It used to be the young bucks and their T-bones, or the welfare queen with her Cadillac, who were leeching off good, hard-working Real Americans. It turns out Ronald Reagan was modest. On Thursday, in a speech that was such a towering pile of complete horseshit that it may well reach the moon, President* Donald Trump told the country that the rest of the world is now the craftiest welfare queen of them all.

I didn't think he could top his ghastly American Carnage inaugural address for sheer fact-free and paranoiac mendacity, but he managed to do it on Thursday. By announcing that the United States was withdrawing from the groundbreaking Paris Accords regarding the world climate crisis, the president* wallowed in rank, xenophobic victimhood while basking in the scattered applause of the otherwise unemployable yahoos whose self-respect is sufficiently low that they still work for him.
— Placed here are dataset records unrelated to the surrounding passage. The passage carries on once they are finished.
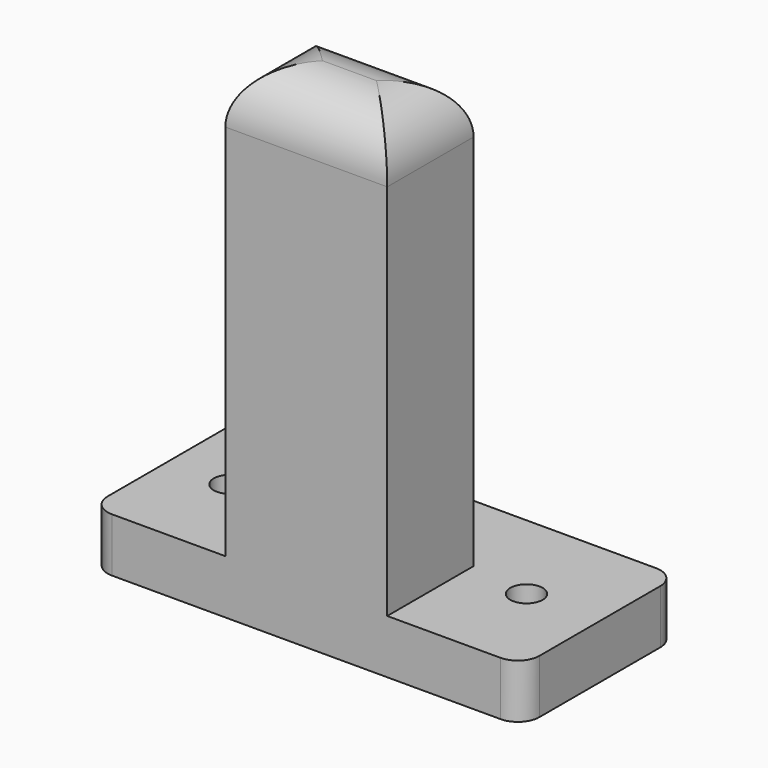
from build123d import *

# Parameters (mm, degrees)
F0_W     = 40
F0_H     = 18
F1_DEPTH = 5
F2_W     = 15
F2_H     = 10
F3_DEPTH = 40
F4_R     = 4.99999
F5_D     = 3
F5_DEPTH = 50
F5_TIP   = 0.9012909285
F6_R     = 2


# Not quite as in the source:
# - a fillet or chamfer is up to 0.001 mm smaller than in the source, because OpenCascade refuses the exact size


with BuildPart() as f1:
    # F0 (on Top) → F1 (new body)
    with BuildSketch(Plane.XY):
        with Locations((-0.0778210488, 9)):
            Rectangle(F0_W, F0_H)
    extrude(amount=F1_DEPTH)

    # F2 (on face) → F3 (join)
    with BuildSketch(Plane.XY.offset(5)):
        with Locations((-0.0778210488, 5)):
            Rectangle(F2_W, F2_H)
    extrude(amount=F3_DEPTH)

    # F4 (radius 5 in the source; OpenCascade refuses exactly that, so slightly less here)
    f4_edges = [f1.edges().sort_by_distance(p)[0] for p in [
        (7.422179, 5, 45),
        (-0.077821, 10, 45),
        (-7.577821, 5, 45),
        (-0.077821, 0, 45),
    ]]
    fillet(f4_edges, radius=F4_R)

    # F5
    with Locations(Plane.XY.offset(5)):
        with Locations((-14.3456859514, 9), (13.1249977276, 9)):
            Hole(F5_D / 2, depth=F5_DEPTH)
            with Locations((0, 0, -(F5_DEPTH + F5_TIP / 2))):  # 118° drill point
                Cone(0, F5_D / 2, F5_TIP, mode=Mode.SUBTRACT)

    # F6
    f6_edges = [f1.edges().sort_by_distance(p)[0] for p in [
        (-20.077821, 0, 2.5),
        (-20.077821, 18, 2.5),
        (19.922179, 18, 2.5),
        (19.922179, 0, 2.5),
    ]]
    fillet(f6_edges, radius=F6_R)


solid = f1.part

Any doubt that Steve Bannon is running this White House now, either personally or through his finger-puppet, obvious anagram Reince Priebus, now has evaporated. The transformation of the American government into a Breitbart comments thread is complete.
It was appalling. It was condescending. It was awful content delivered by a dolt who wouldn't know the Paris Accords from a baguette without the shoddy talking points that someone put in front of him. For example, he read off a fanciful list of "consequences" for adhering to the Paris Accords down through the next decades. Afterwards, Ali Velshi, a welcome addition to the MSNBC cast of regulars, pointed out that the president* was reading from a debunked report that presumed in its analysis that the U.S. would fulfill every one of its agreed-upon conditions while no other participating country would fulfill any of theirs. This is not surprising. The president* would have read a commercial for hair-replacement if someone had put it in front of him.

The least objectionable element of the speech was its utter internal incoherence.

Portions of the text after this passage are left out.